Por el flamenco (2009) — a film by Shem Shemy

 

One of the distinct benefits that I gain from this blog is receiving news about flamenco and flamencophilia from readers around the globe. So I was delighted to find a stash of emails recently of which I had been oblivious and that had lain unopened for a long while — my sincere apologies to all those who had to wait to receive replies. Amongst these was a message from Shem Shemy, an Israeli filmmaker who has charted his own emotional journey through flamenco. Generously, he sent me a copy of his film Por el flamenco, a title that defies translation into English, for it could mean both ‘Through flamenco’ and ‘For flamenco’s sake’. The truth is that the film fits both titles, because although the filmmaker finds emotional catharsis through flamenco, in fact, flamenco, versatile, unique and bonding, is an equally real protagonist here and so too flamencophilia. There are many of us out there, like Shemy and his friend Yoel, hooked by flamenco, obsessed by it day in and out, night after night, desiring always to catch the palo on its crest and willing to forsake it all to pursue flamenco trails. So this is a film that not only speaks to a global flamenco community, but also represents us.

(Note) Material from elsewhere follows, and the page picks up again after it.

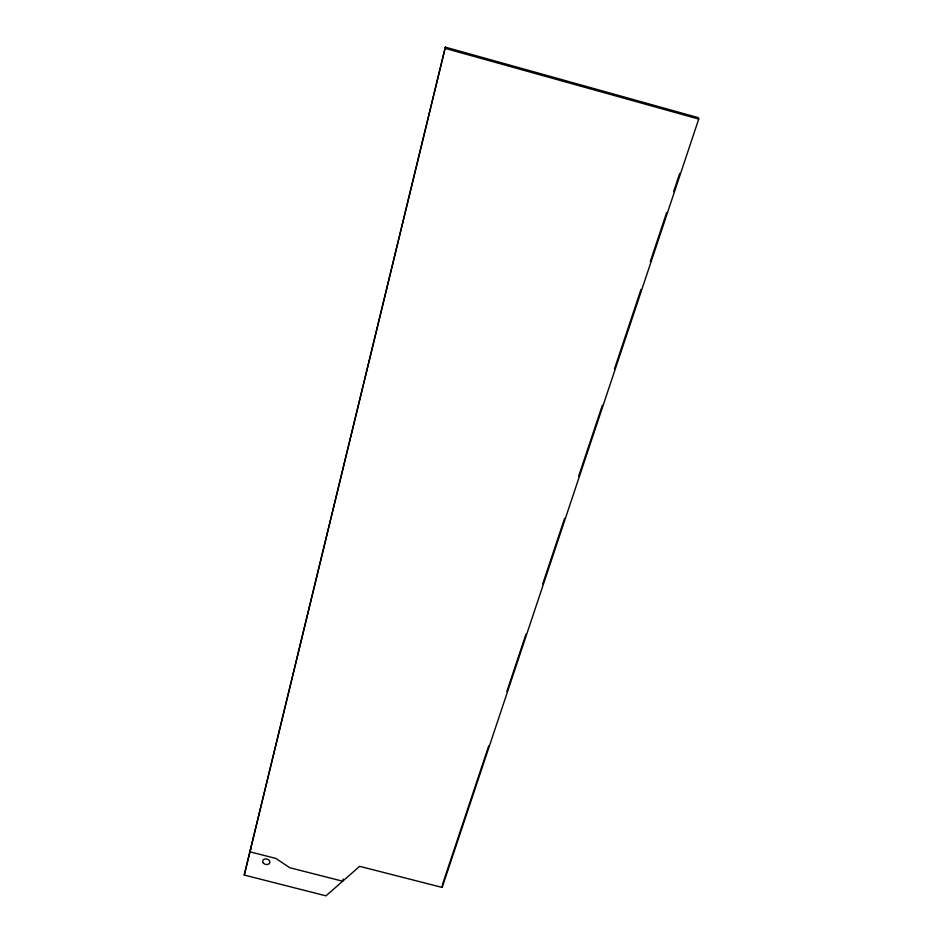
<?xml version="1.0" encoding="UTF-8"?>
<svg xmlns="http://www.w3.org/2000/svg" width="943" height="943" viewBox="0 0 943 943"><rect width="100%" height="100%" fill="white"/><g stroke="black" fill="none" stroke-linecap="round" stroke-linejoin="round"><path stroke-width="1.41" d="M442.161 887.422L698.739 119.066L698.291 117.663L445.355 47.15L244.261 875.057L325.972 895.85L359.648 866.334L442.161 887.422L442.444 885.229M343.146 879.041L342.674 881.21L289.772 867.725L275.886 858.436L249.907 851.812L250.897 848.629M445.355 47.15L244.261 875.057M442.585 884.133L488.698 745.913M506.863 691.467L525.958 634.226M542.732 583.965L564.621 518.355M578.589 476.463L602.353 405.266M614.459 368.961L641.004 289.383M650.328 261.459L666.63 212.599M673.608 191.653L679.667 173.512M444.79 48.282L698.739 119.066M263.297 862.986A3.642 2.77 14.6 0 0 269.509 863.293A3.642 2.77 14.6 0 0 266.009 858.896A3.642 2.77 14.6 0 0 263.297 862.986"/></g></svg>

This is really a film about flamenco as a journey. It is also a conversation that the filmmaker has with his father, who was badly wounded in his youth and whose pain is transmitted over the years to his young son. However, over and beyond the personal or autobiographical elements of this story, this film is rich in glimpses of flamenco as a way of life for so many in southern Spain. Shemy successfully eschews the flamenco of tourist traps and Andalusian stereotypes and he also avoids flamenco as high art or studio rehearsal. Instead, he traces flamenco as a way of life. Set in Granada, the film charts a series of flamenco encounters there and in other parts of southern Spain that culminate in a visit to the home in Jeréz de la Frontera of none other than Dolores Agujetas. If ever deep song could expose the raw, jagged nerve of loss and sorrow, it must be through the haunting voices of the Agujetas family. Back in the day, I did some extended research on flamenco through the figure of her brother Antonio Agujetas, and his rendition of a seguiriya, sung in the chapel of a prison, still rings in my ears. His sister is also a mesmerizing singer, indeed, surely one of the most powerful female singers of deep song alive.

There is an absolutely singular moment in the film, when a waiter in a restaurant somewhere in the south of Spain sings. This is a scene of real flamenco magic. As this man sang, my heart stopped in wonder. Here was someone whose greatness could match the Morentes of this world! How many andaluces, one wonders, go about their daily business, harbouring within them a rich vein of arte?

My thanks to Shem Shemy for sending me his film. I hope that someday there will be a roving international festival of flamenco films that we all get to see. Por el flamenco deserves to be up there with the best.